Stored data:
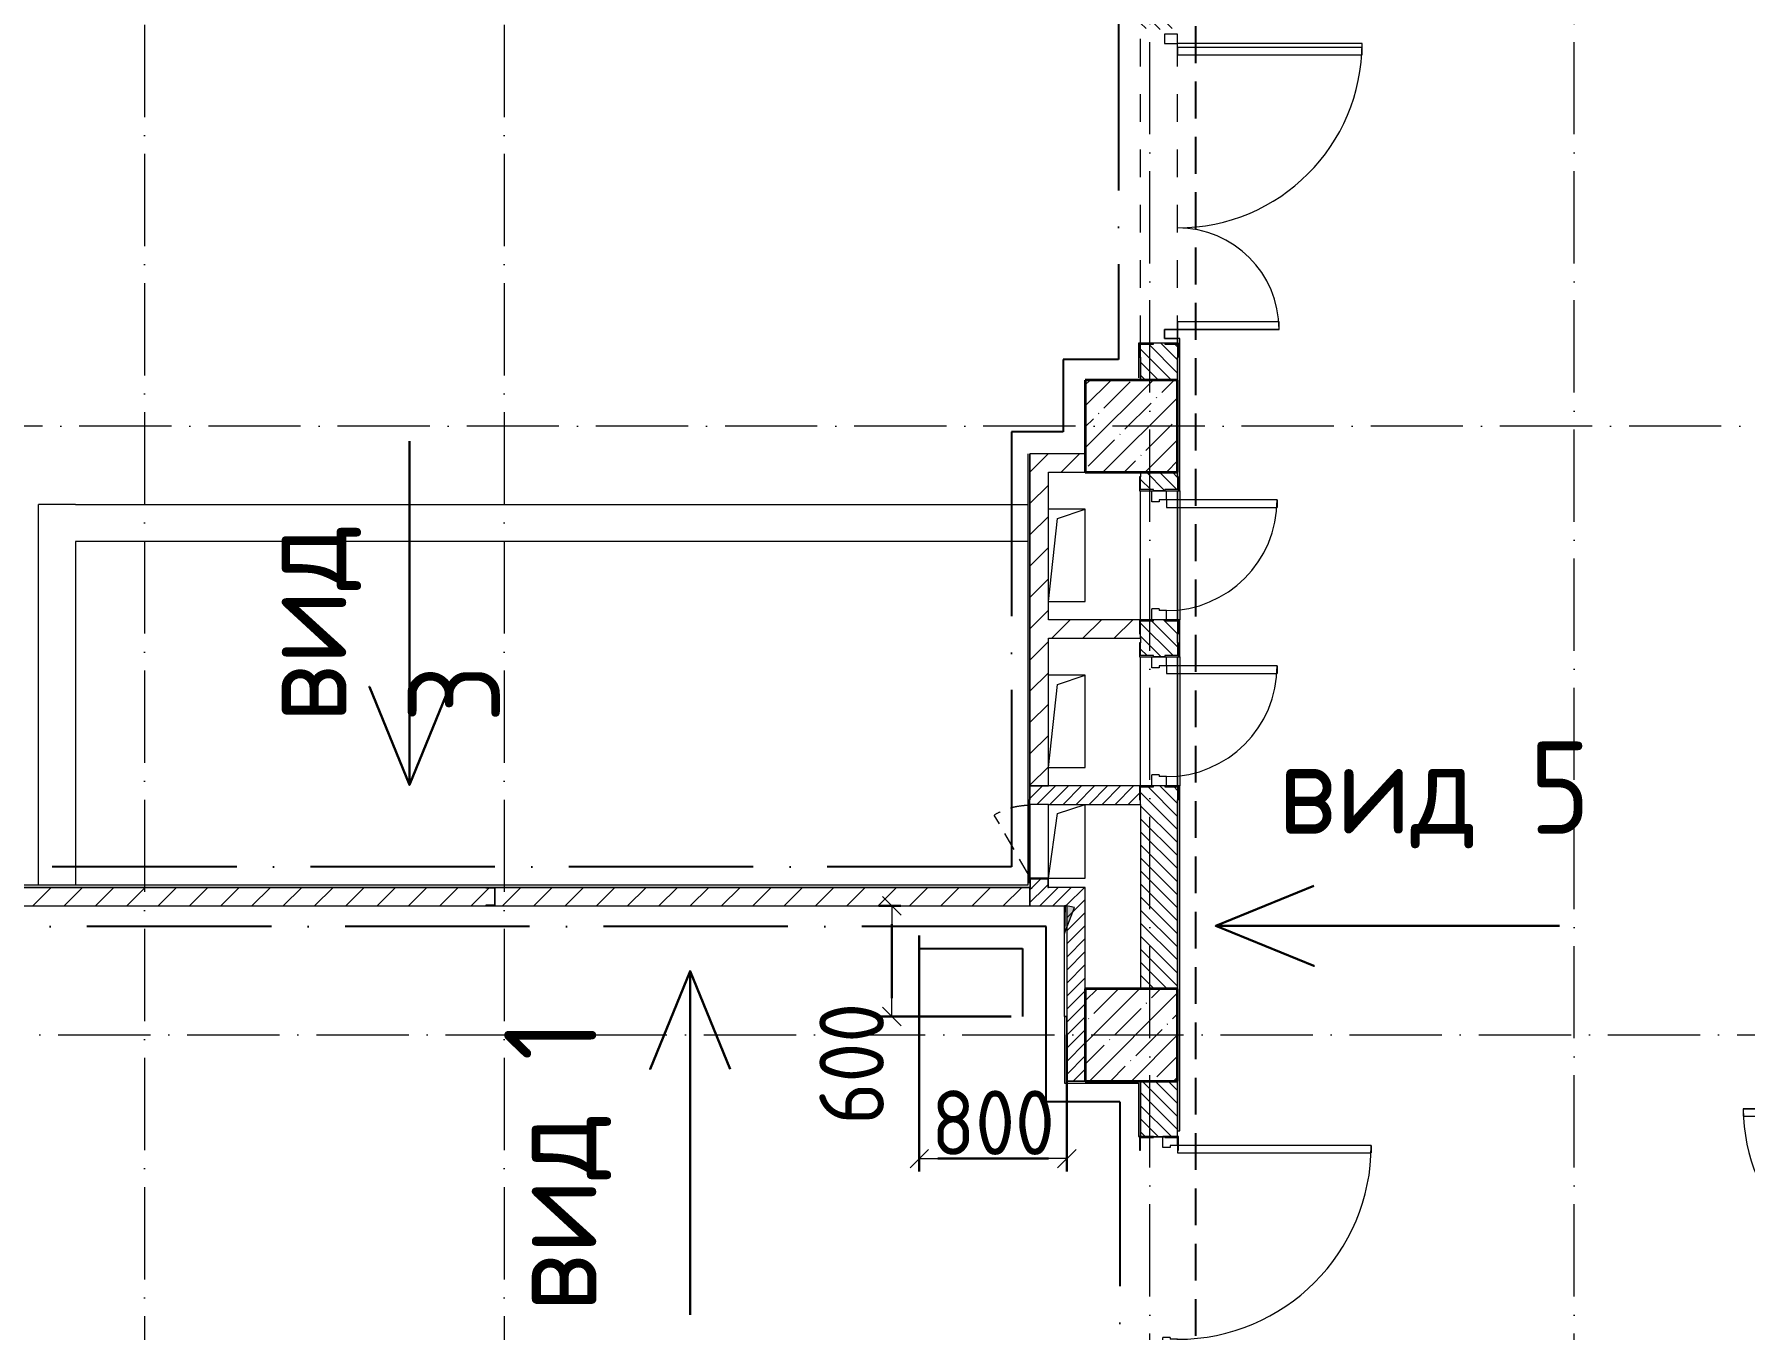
# Model space of a CAD drawing. Header units: millimetres. Extents: x -213536 to 1564669, y -45299 to 942238.
# Drawn here: x -208865 to -199592, y 198329 to 205352 of the extents above; entities that cross this region are included whole.
import ezdxf

# ---------------------------------------------------------------- set-up
doc = ezdxf.new("R2010")
doc.units = ezdxf.units.MM
for name, pattern in [('02 Штрихпунктирная _10 мм_', [1400, 1000, -200, 0, -200]), ('200_ШТРИХ_ш1п0_6_', [160, 100, -60]), ('50_200_ШТРИХ_1Т_ш5_п1_п1_', [700, 500, -100, 0, -100]), ('Штрих короткий', [300, 150, -150]), ('Штриховая _2 мм - 1 мм_', [300, 200, -100])]:
    doc.linetypes.add(name, pattern=pattern)
for name, color, linetype, lineweight in [('0-1', 7, 'Continuous', 5), ('0-2', 7, 'Continuous', 9), ('Двери', 7, 'Continuous', 9), ('Каркас_Импост', 7, 'Continuous', 13), ('Несущие колонны', 7, 'Continuous', 9), ('Несущие колонны-1', 7, 'Continuous', 35), ('Обобщенные модели', 7, 'Continuous', 9), ('Общие ребра', 7, 'Continuous', 9), ('Окна', 7, 'Continuous', 9), ('Оси-2', 7, '50_200_ШТРИХ_1Т_ш5_п1_п1_', 9), ('Основные линии', 7, 'Continuous', 30), ('Открывание в плане-2', 7, '200_ШТРИХ_ш1п0_6_', 9), ('Открывание-1', 7, 'Continuous', 9), ('Панель', 7, 'Continuous', 13), ('Перемычка-1', 7, 'Штрих короткий', 9), ('Размеры', 7, 'Continuous', 15), ('Стены', 7, 'Continuous', 9), ('Стены-1', 7, 'Continuous', 13), ('Текстовые примечания', 7, 'Continuous', 9), ('Штриховка разреза-1', 7, 'Continuous', 9), ('Элементы узлов', 7, 'Continuous', 9)]:
    doc.layers.add(name, color=color, linetype=linetype, lineweight=lineweight)
for name, color, linetype, lineweight, true_color in [('СТ-1_1', 7, 'Штриховая _2 мм - 1 мм_', 90, 0x888888), ('СТ-2_1', 1, '02 Штрихпунктирная _10 мм_', 90, 0xff0000), ('СТ-6_1', 6, 'Continuous', 90, 0xff00ff)]:
    doc.layers.add(name, color=color, linetype=linetype, lineweight=lineweight, true_color=true_color)
doc.layers.get('0-2').off()
doc.styles.add('СПДС', font='isocpeur.ttf', dxfattribs={"width": 0.9})
doc.dimstyles.new('Размера А3', dxfattribs={"dimtxt": 200, "dimasz": 100, "dimexe": 70, "dimexo": 100, "dimgap": 20, "dimtad": 1, "dimdec": 0, "dimrnd": 10, "dimzin": 0, "dimdsep": 46, "dimtxsty": 'СПДС', "dimblk": 'ARROWHEAD_6', "dimcen": 1, "dimclrd": 256, "dimclre": 256, "dimclrt": 256, "dimazin": 0, "dimtfac": 1, "dimtdec": 0, "dimtmove": 2, "dimatfit": 3, "dimfxl": 1, "dimtolj": 1, "dimtzin": 0, "dimarcsym": 0})
pattern_1 = [(135, (0, 0), (-35.35534, -35.35534), [])]
pattern_2 = [(45, (0, 0), (-84.8528, 84.8528), [])]
pattern_3 = [(45, (0, 0), (-35.35534, 35.35534), [])]

# ---------------------------------------------------------------- blocks, each defined once
blk = doc.blocks.new('BSC_Колонна _Прямоугольная - 500х500-V46-АИ2_02_План отделки стен 2-го этажа _Часть 2_')
at = {"layer": 'Несущие колонны'}
h = blk.add_hatch(dxfattribs=at)
h.set_pattern_fill('FP_54', color=256, style=0, pattern_type=2)
h.set_pattern_definition([(45, (-7700, -19300), (-114.0493, 114.0493), []), (45, (-7585.95, -19300), (-114.0493, 114.0493), [201.613, -40.323, 3.353, -36.97])])
h.paths.add_polyline_path([(-250, -250), (250, -250), (250, 250), (-250, 250)], flags=0)
at = {"layer": 'Несущие колонны-1'}
for p, q in [((250, 250), (-250, 250)), ((-250, 250), (-250, -250)), ((250, -250), (250, 250)), ((-250, -250), (250, -250))]:
    blk.add_line(p, q, dxfattribs=at)
blk = doc.blocks.new('Дверь_СКБ_1Ст_Внутренняя_ШЕР - СОШ_Д-1__Дв_700x1800h_Технический шкаф ЭОМ и СС_EI30-28320654-АИ2_02_План отделки стен 2-го этажа _Часть 2_')
at = {"layer": 'Каркас_Импост'}
for p, q in [((-287.5, 40), (-337.5, 40)), ((-337.5, 31), (-337.5, -31)), ((-287.5, 40), (-287.5, 0)), ((-287.5, 0), (-277.5, 0)), ((-277.5, 0), (-277.5, -40)), ((302.5, 0), (312.5, 0)), ((302.5, 0), (302.5, -40)), ((362.5, 40), (312.5, 40)), ((312.5, 40), (312.5, 0)), ((362.5, 40), (362.5, -40)), ((-277.5, -40), (-337.5, -40)), ((362.5, -40), (302.5, -40))]:
    blk.add_line(p, q, dxfattribs=at)
at = {"layer": 'Открывание-1'}
blk.add_arc((-287.5, 40), 600, 360, 90, dxfattribs=at)
at = {"layer": 'Панель'}
for p, q in [((-287.5, 640), (-247.5, 640)), ((-287.5, 640), (-287.5, 40)), ((-247.5, 40), (-247.5, 640)), ((-287.5, 40), (-247.5, 40))]:
    blk.add_line(p, q, dxfattribs=at)
blk = doc.blocks.new('Дверь_СКБ_1Ст_Внутренняя_ШЕР - СОШ_Д-1__Дв_700x1800h_Технический шкаф ЭОМ и СС_EI30-28321866-АИ2_02_План отделки стен 2-го этажа _Часть 2_')
at = {"layer": 'Каркас_Импост'}
for p, q in [((-287.5, 40), (-337.5, 40)), ((-337.5, 31), (-337.5, -31)), ((-287.5, 40), (-287.5, 0)), ((-287.5, 0), (-277.5, 0)), ((-277.5, 0), (-277.5, -40)), ((302.5, 0), (312.5, 0)), ((302.5, 0), (302.5, -40)), ((362.5, 40), (312.5, 40)), ((312.5, 40), (312.5, 0)), ((362.5, 31), (362.5, -31)), ((-277.5, -40), (-337.5, -40)), ((362.5, -40), (302.5, -40))]:
    blk.add_line(p, q, dxfattribs=at)
at = {"layer": 'Открывание-1'}
blk.add_arc((-287.5, 40), 600, 360, 90, dxfattribs=at)
at = {"layer": 'Панель'}
for p, q in [((-287.5, 640), (-247.5, 640)), ((-287.5, 640), (-287.5, 40)), ((-247.5, 40), (-247.5, 640)), ((-287.5, 40), (-247.5, 40))]:
    blk.add_line(p, q, dxfattribs=at)
blk = doc.blocks.new('Проем_Дверь_Прямоугольный - 1700х2400h_дверные проемы-28448549-АИ2_02_План отделки стен 2-го этажа _Часть 2_')
at = {"layer": 'Перемычка-1'}
for p, q in [((850, 100), (-850, 100)), ((850, -100), (-850, -100))]:
    blk.add_line(p, q, dxfattribs=at)
blk = doc.blocks.new('Дверь_СКБ_1Ст_Внутренняя_ШЕР - СОШ_Д-17__Дв_1150x2100h_Лаборантские_ Инструментальные_EI30-28417851-АИ2_02_План отделки стен 2-го этажа _Часть 2_')
at = {"layer": 'Каркас_Импост'}
for p, q in [((-512.5, 100), (-562.5, 100)), ((-562.5, 100), (-562.5, 20)), ((-512.5, 100), (-512.5, 60)), ((587.5, 100), (537.5, 100)), ((537.5, 100), (537.5, 60)), ((587.5, 100), (587.5, 20)), ((-502.5, 20), (-562.5, 20)), ((-512.5, 60), (-502.5, 60)), ((-502.5, 60), (-502.5, 20)), ((527.5, 60), (537.5, 60)), ((527.5, 60), (527.5, 20)), ((587.5, 20), (527.5, 20))]:
    blk.add_line(p, q, dxfattribs=at)
at = {"layer": 'Открывание-1'}
blk.add_arc((-512.5, 100), 1050, 360, 90, dxfattribs=at)
at = {"layer": 'Панель'}
for p, q in [((-512.5, 1150), (-472.5, 1150)), ((-512.5, 1150), (-512.5, 100)), ((-472.5, 100), (-472.5, 1150)), ((-512.5, 100), (-472.5, 100))]:
    blk.add_line(p, q, dxfattribs=at)
blk = doc.blocks.new('Дверь_Витражная_СКБ_2Ст2 - ДВВ_ДАО_СОШ_Классы-V176-АИ2_02_План отделки стен 2-го этажа _Часть 2_')
at = {"layer": 'Двери'}
for p, q in [((-775, 1035), (-775, 35)), ((775, 585), (775, 35))]:
    blk.add_line(p, q, dxfattribs=at)
for centre, radius, start, end in [((-775, 35), 1000, 360, 90), ((775, 35), 550, 90, 180)]:
    blk.add_arc(centre, radius, start, end, dxfattribs=at)
at = {"layer": 'Элементы узлов'}
for p, q in [((-713, 1035), (-753, 1035)), ((-753, 1035), (-753, 35)), ((-713, 35), (-713, 1035)), ((775, 585), (735, 585)), ((735, 585), (735, 35)), ((775, 35), (775, 585)), ((-825, 35), (-825, -35)), ((-775, 35), (-825, 35)), ((-775, 35), (-825, 35)), ((-825, 35), (-825, -35)), ((-775, -35), (-775, 35)), ((-775, -35), (-775, 35)), ((-753, 35), (-713, 35)), ((735, 35), (775, 35)), ((775, -35), (775, 35)), ((775, 35), (825, 35)), ((775, 35), (775, -35)), ((825, 35), (775, 35)), ((825, 35), (825, -35)), ((825, -35), (825, 35)), ((-825, -35), (-775, -35)), ((-825, -35), (-775, -35)), ((825, -35), (775, -35)), ((775, -35), (825, -35))]:
    blk.add_line(p, q, dxfattribs=at)
blk = doc.blocks.new('Дверь_Витражная_СКБ_2Ст2 - Дверь 2400hх1800 в составе витража EIW30-26949269-АИ2_02_План отделки стен 2-го этажа _Часть 2_')
at = {"layer": 'Двери'}
for p, q in [((-975, -950), (-975, 0)), ((975, -1000), (975, 0))]:
    blk.add_line(p, q, dxfattribs=at)
for centre, radius, start, end in [((-975, 0), 950, 270, 0), ((975, 0), 1000, 180, 270)]:
    blk.add_arc(centre, radius, start, end, dxfattribs=at)
at = {"layer": 'Элементы узлов'}
for p, q in [((-1025, 40), (-975, 40)), ((-975, 40), (-1025, 40)), ((-975, 0), (-1025, 0)), ((-1025, 0), (-975, 0)), ((-975, 40), (-975, 0)), ((-975, 0), (-975, 40)), ((-935, 0), (-975, 0)), ((-975, 0), (-975, -950)), ((-935, -950), (-935, 0)), ((923, 0), (923, -1000)), ((963, 0), (923, 0)), ((963, -1000), (963, 0)), ((1025, 40), (975, 40)), ((975, 40), (975, 0)), ((1025, 40), (975, 40)), ((975, 40), (975, 0)), ((975, 0), (1025, 0)), ((975, 0), (1025, 0)), ((-975, -950), (-935, -950)), ((923, -1000), (963, -1000))]:
    blk.add_line(p, q, dxfattribs=at)
blk = doc.blocks.new('154_Стойка_СКБ_Уголок - СМ-2180_200-28268025-АИ2_02_План отделки стен 2-го этажа _Часть 2_')
at = {"layer": 'Обобщенные модели'}
for p, q in [((125, 156), (125, 81)), ((200, 156), (125, 156)), ((131, 81), (131, 150)), ((131, 150), (200, 150)), ((200, 150), (200, 156)), ((125, 81), (131, 81)), ((131, 19), (125, 19)), ((125, 19), (125, -56)), ((131, -50), (131, 19)), ((125, -56), (200, -56)), ((200, -50), (131, -50)), ((200, -56), (200, -50))]:
    blk.add_line(p, q, dxfattribs=at)
blk = doc.blocks.new('Фахверк_СКБ_Уголок - 200_3960_зеркало-28268689-АИ2_02_План отделки стен 2-го этажа _Часть 2_')
at = {"layer": 'Обобщенные модели'}
for p, q in [((200, 156), (125, 156)), ((125, 156), (125, 81)), ((131, 81), (131, 150)), ((131, 150), (200, 150)), ((200, 150), (200, 156)), ((125, 81), (131, 81)), ((131, 19), (125, 19)), ((125, 19), (125, -56)), ((131, -50), (131, 19)), ((125, -56), (200, -56)), ((200, -50), (131, -50)), ((200, -56), (200, -50))]:
    blk.add_line(p, q, dxfattribs=at)
blk = doc.blocks.new('Фахверк_СКБ_Уголок - 200_3960-28268576-АИ2_02_План отделки стен 2-го этажа _Часть 2_')
at = {"layer": 'Обобщенные модели'}
for p, q in [((200, 156), (125, 156)), ((125, 156), (125, 81)), ((131, 81), (131, 150)), ((131, 150), (200, 150)), ((200, 150), (200, 156)), ((125, 81), (131, 81)), ((131, 19), (125, 19)), ((125, 19), (125, -56)), ((131, -50), (131, 19)), ((125, -56), (200, -56)), ((200, -50), (131, -50)), ((200, -56), (200, -50))]:
    blk.add_line(p, q, dxfattribs=at)
blk = doc.blocks.new('154_Стойка_СКБ_Уголок - СМ-2180_200-28435403-АИ2_02_План отделки стен 2-го этажа _Часть 2_')
at = {"layer": 'Обобщенные модели'}
for p, q in [((125, 156), (125, 81)), ((200, 156), (125, 156)), ((131, 81), (131, 150)), ((131, 150), (200, 150)), ((200, 150), (200, 156)), ((125, 81), (131, 81)), ((131, 19), (125, 19)), ((125, 19), (125, -56)), ((131, -50), (131, 19)), ((125, -56), (200, -56)), ((200, -50), (131, -50)), ((200, -56), (200, -50))]:
    blk.add_line(p, q, dxfattribs=at)
blk = doc.blocks.new('Стойка_Влож_Полоса боковая - Полоса-28346330-АИ2_02_План отделки стен 2-го этажа _Часть 2_')
at = {"layer": 'Обобщенные модели'}
for p, q in [((-5, -31), (-5, 31)), ((0, 31), (0, -31))]:
    blk.add_line(p, q, dxfattribs=at)
blk = doc.blocks.new('154_Фахверк_СКБ_Швеллер - Тип_100_3960-28318856-АИ2_02_План отделки стен 2-го этажа _Часть 2_')
at = {"layer": 'Обобщенные модели'}
for p, q in [((175, 50), (125, 50)), ((125, 50), (125, -50)), ((128, 47), (175, 47)), ((128, -47), (128, 47)), ((175, 47), (175, 50)), ((125, -50), (175, -50)), ((175, -47), (128, -47)), ((175, -50), (175, -47))]:
    blk.add_line(p, q, dxfattribs=at)
blk = doc.blocks.new('AR_Отверстие Ниша - Лючок-32403310-АИ2_02_План отделки стен 2-го этажа _Часть 2_')
at = {"layer": 'Окна'}
for p, q in [((200, 50), (-200, 50)), ((-200, 50), (-200, -50)), ((-200, -50), (200, -50))]:
    blk.add_line(p, q, dxfattribs=at)
blk = doc.blocks.new('Л_Общий_Лючок - Лючок-V187-АИ2_02_План отделки стен 2-го этажа _Часть 2_')
at = {"layer": 'Окна'}
for p, q in [((424, 6), (-24, 6)), ((-24, 6), (-24, 0)), ((400, 0), (424, 0)), ((424, 6), (424, 0))]:
    blk.add_line(p, q, dxfattribs=at)
at = {"layer": 'Открывание в плане-2'}
blk.add_line((16.4, 6), (342, 194), dxfattribs=at)
blk.add_arc((6, 0), 388, 0.89053, 30, dxfattribs=at)
blk = doc.blocks.new('154_Фахверк_СКБ_Швеллер - Тип_100_3960_зеркало-29769493-АИ2_02_План отделки стен 2-го этажа _Часть 2_')
at = {"layer": 'Обобщенные модели'}
for p, q in [((175, 50), (125, 50)), ((125, 50), (125, -50)), ((128, 47), (175, 47)), ((128, -47), (128, 47)), ((175, 47), (175, 50)), ((125, -50), (175, -50)), ((175, -47), (128, -47)), ((175, -50), (175, -47))]:
    blk.add_line(p, q, dxfattribs=at)
blk = doc.blocks.new('AR_Отверстие прямоугольное _в плите_ - AR_Отверстие прямоугольное _в плите_-30229458-АИ2_02_План отделки стен 2-го этажа _Часть 2_')
at = {"layer": 'Обобщенные модели'}
for p, q in [((100, 250), (-100, 250)), ((-100, -250), (-50, 200)), ((-50, 200), (100, 250)), ((100, -250), (100, 250)), ((-100, -250), (100, -250))]:
    blk.add_line(p, q, dxfattribs=at)
blk = doc.blocks.new('AR_Отверстие прямоугольное _в плите_ - AR_Отверстие прямоугольное _в плите_-30229368-АИ2_02_План отделки стен 2-го этажа _Часть 2_')
at = {"layer": 'Обобщенные модели'}
for p, q in [((-50, 150), (100, 200)), ((100, -200), (100, 200)), ((-100, -200), (-50, 150)), ((-100, -200), (100, -200))]:
    blk.add_line(p, q, dxfattribs=at)
blk = doc.blocks.new('0125-Р-ОО-Ш2-АР-о_23_10_2024_rvt-1-АИ2_02_План отделки стен 2-го этажа _Часть 2_')
at = {"layer": 'Несущие колонны'}
h = blk.add_hatch(dxfattribs=at)
h.set_pattern_fill('FP_1', color=256, style=0, pattern_type=2)
h.set_pattern_definition([(45, (0, 0), (-114.0493, 114.0493), []), (45, (114.05, 0), (-114.0493, 114.0493), [201.612, -40.322, 3.353, -36.97])])
h.paths.add_polyline_path([(7450, 15750), (7950, 15750), (7950, 16250), (7450, 16250), (7450, 16201.6)], flags=0)
at = {"layer": 'Штриховка разреза-1'}
h = blk.add_hatch(dxfattribs=at)
h.set_pattern_fill('FP_2', color=256, style=0, pattern_type=2)
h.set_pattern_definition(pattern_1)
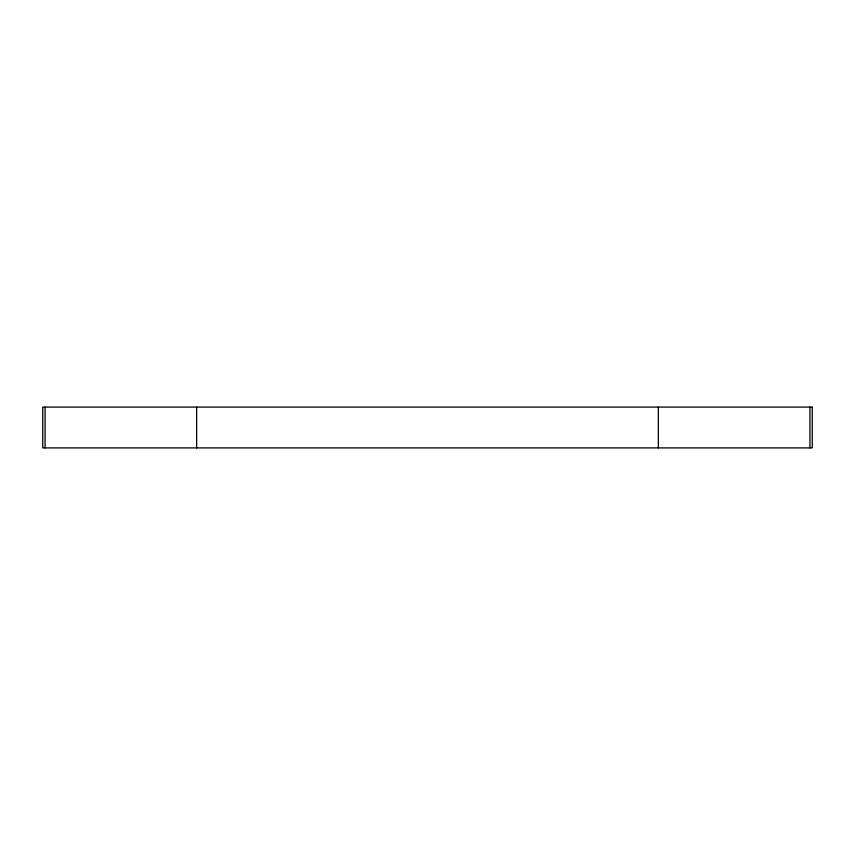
<?xml version="1.0" encoding="UTF-8"?>
<svg xmlns="http://www.w3.org/2000/svg" width="855" height="855" viewBox="0 0 855 855"><rect width="100%" height="100%" fill="white"/><g stroke="black" fill="none" stroke-linecap="round" stroke-linejoin="round"><path stroke-width="1.28" d="M809.92 407.098L809.92 447.902M658.35 407.098L658.35 447.902M196.65 407.098L196.65 447.902M45.08 407.098L45.08 447.902M812.25 407.098L42.75 407.098L42.75 447.902L812.25 447.902L812.25 407.098"/></g></svg>

WHAT IS REQUIRED:
Without the pictures, copy the entries from their first line through the line containing "doc.units = ezdxf.units.MM", and only those lines.

OUTPUT FOR THIS EXERCISE:
# Model space of a CAD drawing. Header units: millimetres. Extents: x -213536 to 1564669, y -45299 to 942238.
# Drawn here: x -208865 to -199592, y 198329 to 205352 of the extents above; entities that cross this region are included whole.
import ezdxf

# ---------------------------------------------------------------- set-up
doc = ezdxf.new("R2010")
doc.units = ezdxf.units.MM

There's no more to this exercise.